I also imagine a simple man who gets appointed into government to be a minister, the expectations on him will immediately be overwhelming. His family members, nuclear and extended, friends and in fact township people from his state of origin would immediately have unrealistic demands of him. If he can’t deliver perhaps because his salary and allowances don’t quite meet the humongous expectations of these people he would be called all sort of names and labeled a useless son of wherever he comes from by his people. They will not consider that the unfair pressure might lead him to cut deals and inflate contracts. He might become corrupt just to satisfy the pressure on him and in so doing abuse his office.
They therefore have contributed one way or another to the failure of that public servant and in extension the stagnating progress of the society at large. Basically, what I’m positing seeks to convey to my reader that save the citizens who represent the exception to every rule, and are thereby almost perfect, we are all guilty of being cogs in the wheel of the nation’s progress one way or the other. We should all check ourselves, let every man search his soul and make the necessary adjustments especially for those who seek to lead one day.
The National orientation agency if I would so recommend as an ordinary citizen is supposed to take on the responsibility of this general character rehabilitation.
Let people know the consequence of doing things the Nigerian way. Most people don’t know they are part of the problem. A lot sit in their comfortable couches watching news on TV at night, and they hear stories about their leaders, they condemn these leaders but if they get the opportunity to serve as well they might even be worse but they do not know that they need a fundamental paradigm shift themselves if things must change.

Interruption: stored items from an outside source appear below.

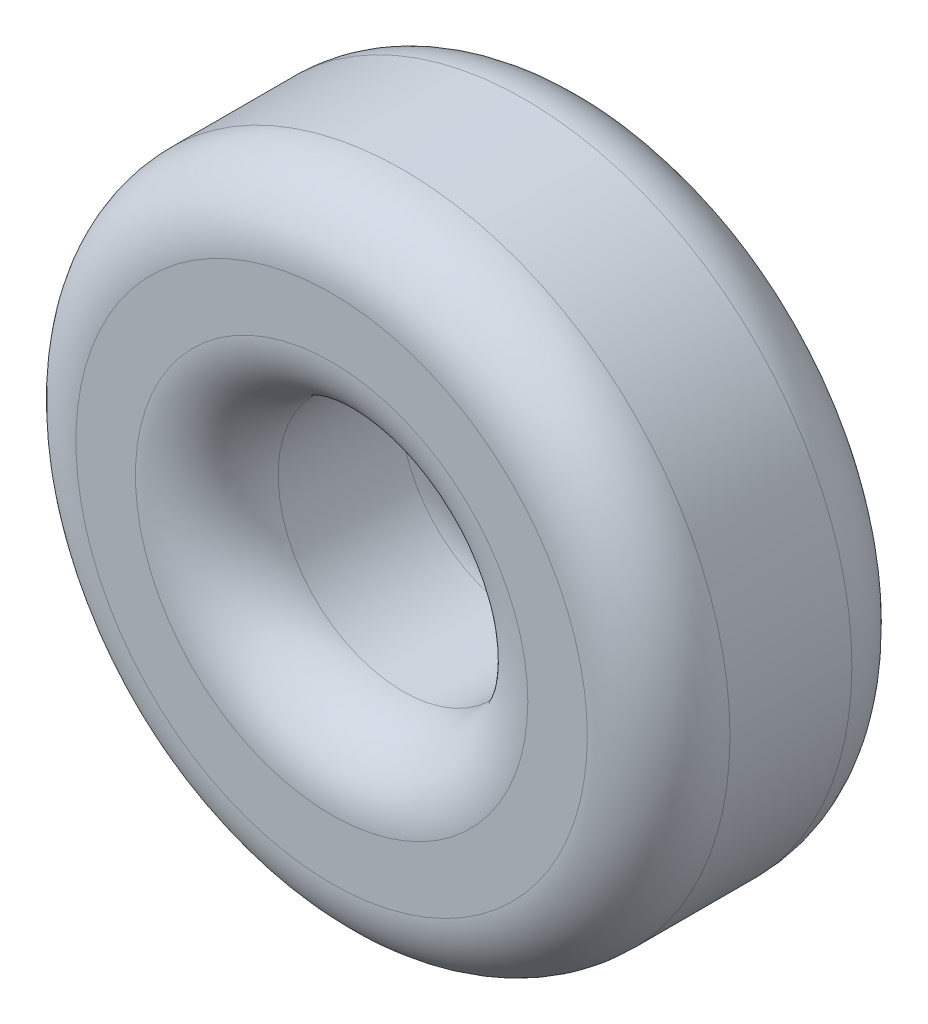
ISO-10303-21;
HEADER;
FILE_DESCRIPTION(('STEP AP214'),'2;1');
FILE_NAME('part.step','',(''),(''),'','','');
FILE_SCHEMA(('AUTOMOTIVE_DESIGN { 1 0 10303 214 1 1 1 1 }'));
ENDSEC;
DATA;
#1=APPLICATION_CONTEXT('core data for automotive mechanical design processes');
#2=APPLICATION_PROTOCOL_DEFINITION('international standard','automotive_design',2000,#1);
#3=PRODUCT_CONTEXT('',#1,'mechanical');
#4=PRODUCT('Part','Part','',(#3));
#5=PRODUCT_RELATED_PRODUCT_CATEGORY('part','',(#4));
#6=PRODUCT_DEFINITION_FORMATION('','',#4);
#7=PRODUCT_DEFINITION_CONTEXT('part definition',#1,'design');
#8=PRODUCT_DEFINITION('design','',#6,#7);
#9=PRODUCT_DEFINITION_SHAPE('','',#8);
#10=(LENGTH_UNIT() NAMED_UNIT(*) SI_UNIT(.MILLI.,.METRE.));
#11=(NAMED_UNIT(*) PLANE_ANGLE_UNIT() SI_UNIT($,.RADIAN.));
#12=(NAMED_UNIT(*) SI_UNIT($,.STERADIAN.) SOLID_ANGLE_UNIT());
#13=UNCERTAINTY_MEASURE_WITH_UNIT(LENGTH_MEASURE(1.E-05),#10,'distance_accuracy_value','');
#14=(GEOMETRIC_REPRESENTATION_CONTEXT(3) GLOBAL_UNCERTAINTY_ASSIGNED_CONTEXT((#13)) GLOBAL_UNIT_ASSIGNED_CONTEXT((#10,
#11,#12)) REPRESENTATION_CONTEXT('',''));
#15=CARTESIAN_POINT('',(0.,0.,0.));
#16=DIRECTION('',(0.,0.,1.));
#17=DIRECTION('',(1.,0.,0.));
#18=AXIS2_PLACEMENT_3D('',#15,#16,#17);
#19=CARTESIAN_POINT('',(-9.7809252389853,3.80388058610914,44.5));
#20=DIRECTION('',(0.,0.,1.));
#21=DIRECTION('',(1.,0.,0.));
#22=AXIS2_PLACEMENT_3D('',#19,#20,#21);
#23=PLANE('',#22);
#24=CARTESIAN_POINT('',(-9.7809252389853,3.80388058610914,44.5));
#25=DIRECTION('',(0.,0.,1.));
#26=DIRECTION('',(1.,0.,0.));
#27=AXIS2_PLACEMENT_3D('',#24,#25,#26);
#28=CIRCLE('',#27,33.);
#29=CARTESIAN_POINT('',(23.2190747610147,3.80388058610914,44.5));
#30=VERTEX_POINT('',#29);
#31=EDGE_CURVE('E10',#30,#30,#28,.F.);
#32=ORIENTED_EDGE('',*,*,#31,.T.);
#33=EDGE_LOOP('',(#32));
#34=FACE_BOUND('',#33,.T.);
#35=CARTESIAN_POINT('',(-9.7809252389853,3.80388058610914,44.5));
#36=DIRECTION('',(0.,0.,1.));
#37=DIRECTION('',(1.,0.,0.));
#38=AXIS2_PLACEMENT_3D('',#35,#36,#37);
#39=CIRCLE('',#38,43.);
#40=CARTESIAN_POINT('',(33.2190747610147,3.80388058610914,44.5));
#41=VERTEX_POINT('',#40);
#42=EDGE_CURVE('E37',#41,#41,#39,.T.);
#43=ORIENTED_EDGE('',*,*,#42,.T.);
#44=EDGE_LOOP('',(#43));
#45=FACE_BOUND('',#44,.T.);
#46=ADVANCED_FACE('F30',(#34,#45),#23,.T.);
#47=CARTESIAN_POINT('',(-9.7809252389853,3.80388058610914,0.));
#48=DIRECTION('',(0.,0.,1.));
#49=DIRECTION('',(1.,0.,0.));
#50=AXIS2_PLACEMENT_3D('',#47,#48,#49);
#51=PLANE('',#50);
#52=CARTESIAN_POINT('',(-9.7809252389853,3.80388058610914,0.));
#53=DIRECTION('',(0.,0.,1.));
#54=DIRECTION('',(1.,0.,0.));
#55=AXIS2_PLACEMENT_3D('',#52,#53,#54);
#56=CIRCLE('',#55,33.);
#57=CARTESIAN_POINT('',(23.2190747610147,3.80388058610914,0.));
#58=VERTEX_POINT('',#57);
#59=EDGE_CURVE('E56',#58,#58,#56,.T.);
#60=ORIENTED_EDGE('',*,*,#59,.T.);
#61=EDGE_LOOP('',(#60));
#62=FACE_BOUND('',#61,.T.);
#63=CARTESIAN_POINT('',(-9.7809252389853,3.80388058610914,0.));
#64=DIRECTION('',(0.,0.,1.));
#65=DIRECTION('',(1.,0.,0.));
#66=AXIS2_PLACEMENT_3D('',#63,#64,#65);
#67=CIRCLE('',#66,43.);
#68=CARTESIAN_POINT('',(33.2190747610147,3.80388058610914,0.));
#69=VERTEX_POINT('',#68);
#70=EDGE_CURVE('E59',#69,#69,#67,.F.);
#71=ORIENTED_EDGE('',*,*,#70,.T.);
#72=EDGE_LOOP('',(#71));
#73=FACE_BOUND('',#72,.T.);
#74=ADVANCED_FACE('F63',(#62,#73),#51,.F.);
#75=CARTESIAN_POINT('',(-9.7809252389853,3.80388058610914,44.5));
#76=DIRECTION('',(0.,0.,-1.));
#77=DIRECTION('',(-1.,0.,0.));
#78=AXIS2_PLACEMENT_3D('',#75,#76,#77);
#79=CYLINDRICAL_SURFACE('',#78,55.);
#80=CARTESIAN_POINT('',(-9.7809252389853,3.80388058610914,12.));
#81=DIRECTION('',(0.,0.,1.));
#82=DIRECTION('',(1.,0.,0.));
#83=AXIS2_PLACEMENT_3D('',#80,#81,#82);
#84=CIRCLE('',#83,55.);
#85=CARTESIAN_POINT('',(45.2190747610147,3.80388058610914,12.));
#86=VERTEX_POINT('',#85);
#87=EDGE_CURVE('E41',#86,#86,#84,.T.);
#88=ORIENTED_EDGE('',*,*,#87,.T.);
#89=EDGE_LOOP('',(#88));
#90=FACE_BOUND('',#89,.T.);
#91=CARTESIAN_POINT('',(-9.7809252389853,3.80388058610914,32.5));
#92=DIRECTION('',(0.,0.,1.));
#93=DIRECTION('',(1.,0.,0.));
#94=AXIS2_PLACEMENT_3D('',#91,#92,#93);
#95=CIRCLE('',#94,55.);
#96=CARTESIAN_POINT('',(45.2190747610147,3.80388058610914,32.5));
#97=VERTEX_POINT('',#96);
#98=EDGE_CURVE('E45',#97,#97,#95,.F.);
#99=ORIENTED_EDGE('',*,*,#98,.T.);
#100=EDGE_LOOP('',(#99));
#101=FACE_BOUND('',#100,.T.);
#102=ADVANCED_FACE('F73',(#90,#101),#79,.T.);
#103=CARTESIAN_POINT('',(-9.7809252389853,3.80388058610914,44.5));
#104=DIRECTION('',(0.,0.,-1.));
#105=DIRECTION('',(-1.,0.,0.));
#106=AXIS2_PLACEMENT_3D('',#103,#104,#105);
#107=CYLINDRICAL_SURFACE('',#106,21.);
#108=CARTESIAN_POINT('',(-9.7809252389853,3.80388058610914,12.));
#109=DIRECTION('',(0.,0.,1.));
#110=DIRECTION('',(1.,0.,0.));
#111=AXIS2_PLACEMENT_3D('',#108,#109,#110);
#112=CIRCLE('',#111,21.);
#113=CARTESIAN_POINT('',(11.2190747610147,3.80388058610914,12.));
#114=VERTEX_POINT('',#113);
#115=EDGE_CURVE('E50',#114,#114,#112,.F.);
#116=ORIENTED_EDGE('',*,*,#115,.T.);
#117=EDGE_LOOP('',(#116));
#118=FACE_BOUND('',#117,.T.);
#119=CARTESIAN_POINT('',(-9.7809252389853,3.80388058610914,32.5));
#120=DIRECTION('',(0.,0.,1.));
#121=DIRECTION('',(1.,0.,0.));
#122=AXIS2_PLACEMENT_3D('',#119,#120,#121);
#123=CIRCLE('',#122,21.);
#124=CARTESIAN_POINT('',(11.2190747610147,3.80388058610914,32.5));
#125=VERTEX_POINT('',#124);
#126=EDGE_CURVE('E53',#125,#125,#123,.T.);
#127=ORIENTED_EDGE('',*,*,#126,.T.);
#128=EDGE_LOOP('',(#127));
#129=FACE_BOUND('',#128,.T.);
#130=ADVANCED_FACE('F76',(#118,#129),#107,.F.);
#131=CARTESIAN_POINT('',(-9.7809252389853,3.80388058610914,12.));
#132=DIRECTION('',(0.,0.,1.));
#133=DIRECTION('',(1.,0.,0.));
#134=AXIS2_PLACEMENT_3D('',#131,#132,#133);
#135=TOROIDAL_SURFACE('',#134,33.,12.);
#136=ORIENTED_EDGE('',*,*,#115,.F.);
#137=EDGE_LOOP('',(#136));
#138=FACE_BOUND('',#137,.T.);
#139=ORIENTED_EDGE('',*,*,#59,.F.);
#140=EDGE_LOOP('',(#139));
#141=FACE_BOUND('',#140,.T.);
#142=ADVANCED_FACE('F69',(#138,#141),#135,.T.);
#143=CARTESIAN_POINT('',(-9.7809252389853,3.80388058610914,12.));
#144=DIRECTION('',(0.,0.,1.));
#145=DIRECTION('',(1.,0.,0.));
#146=AXIS2_PLACEMENT_3D('',#143,#144,#145);
#147=TOROIDAL_SURFACE('',#146,43.,12.);
#148=ORIENTED_EDGE('',*,*,#70,.F.);
#149=EDGE_LOOP('',(#148));
#150=FACE_BOUND('',#149,.T.);
#151=ORIENTED_EDGE('',*,*,#87,.F.);
#152=EDGE_LOOP('',(#151));
#153=FACE_BOUND('',#152,.T.);
#154=ADVANCED_FACE('F65',(#150,#153),#147,.T.);
#155=CARTESIAN_POINT('',(-9.7809252389853,3.80388058610914,32.5));
#156=DIRECTION('',(0.,0.,1.));
#157=DIRECTION('',(1.,0.,0.));
#158=AXIS2_PLACEMENT_3D('',#155,#156,#157);
#159=TOROIDAL_SURFACE('',#158,33.,12.);
#160=ORIENTED_EDGE('',*,*,#31,.F.);
#161=EDGE_LOOP('',(#160));
#162=FACE_BOUND('',#161,.T.);
#163=ORIENTED_EDGE('',*,*,#126,.F.);
#164=EDGE_LOOP('',(#163));
#165=FACE_BOUND('',#164,.T.);
#166=ADVANCED_FACE('F68',(#162,#165),#159,.T.);
#167=CARTESIAN_POINT('',(-9.7809252389853,3.80388058610914,32.5));
#168=DIRECTION('',(0.,0.,1.));
#169=DIRECTION('',(1.,0.,0.));
#170=AXIS2_PLACEMENT_3D('',#167,#168,#169);
#171=TOROIDAL_SURFACE('',#170,43.,12.);
#172=ORIENTED_EDGE('',*,*,#98,.F.);
#173=EDGE_LOOP('',(#172));
#174=FACE_BOUND('',#173,.T.);
#175=ORIENTED_EDGE('',*,*,#42,.F.);
#176=EDGE_LOOP('',(#175));
#177=FACE_BOUND('',#176,.T.);
#178=ADVANCED_FACE('F32',(#174,#177),#171,.T.);
#179=CLOSED_SHELL('',(#46,#74,#102,#130,#142,#154,#166,#178));
#180=MANIFOLD_SOLID_BREP('B2',#179);
#181=ADVANCED_BREP_SHAPE_REPRESENTATION('',(#18,#180),#14);
#182=SHAPE_DEFINITION_REPRESENTATION(#9,#181);
ENDSEC;
END-ISO-10303-21;

Every citizen is a potential public servant and leader. I believe it was in Game of Thrones where I heard the aphorism that “if one must lead one day let him first learn how to follow.” That was what Lord Commander Mormont once tried to teach Jon Snow while they were on one of their missions in search of wildlings because he could tell that Jon Snow would be Lord Commander someday. Let’s be good followers in order to be better leaders. Let’s change ourselves and we will change our society.
I considered it pertinent to express the above perspective after considering that it would amount to gross Hubris to simply assert that being in one’s hey days is enough prerequisite to step into roles of leadership. Indeed that will not cut it if there is no deep reflection on the current traits of today’s leaders that has led to Nigeria’s current bleak outlook. Infact we have some youths in certain strategic positions today but they’re just as bad as their forebears, and most of the older ones in governance took their first steps into the corridors of power while they were very young, so I do not refuse to pay cognizance to this fact. Yet they have done their bit and should let the upcoming generation on the sidelines do theirs, as long as they prove to be worthy, as indeed many are worthy and ready if given the opportunity. Arise O compatriots.
- Muhammed Belgore is a lawyer passionate about Nigeria and its general social justice.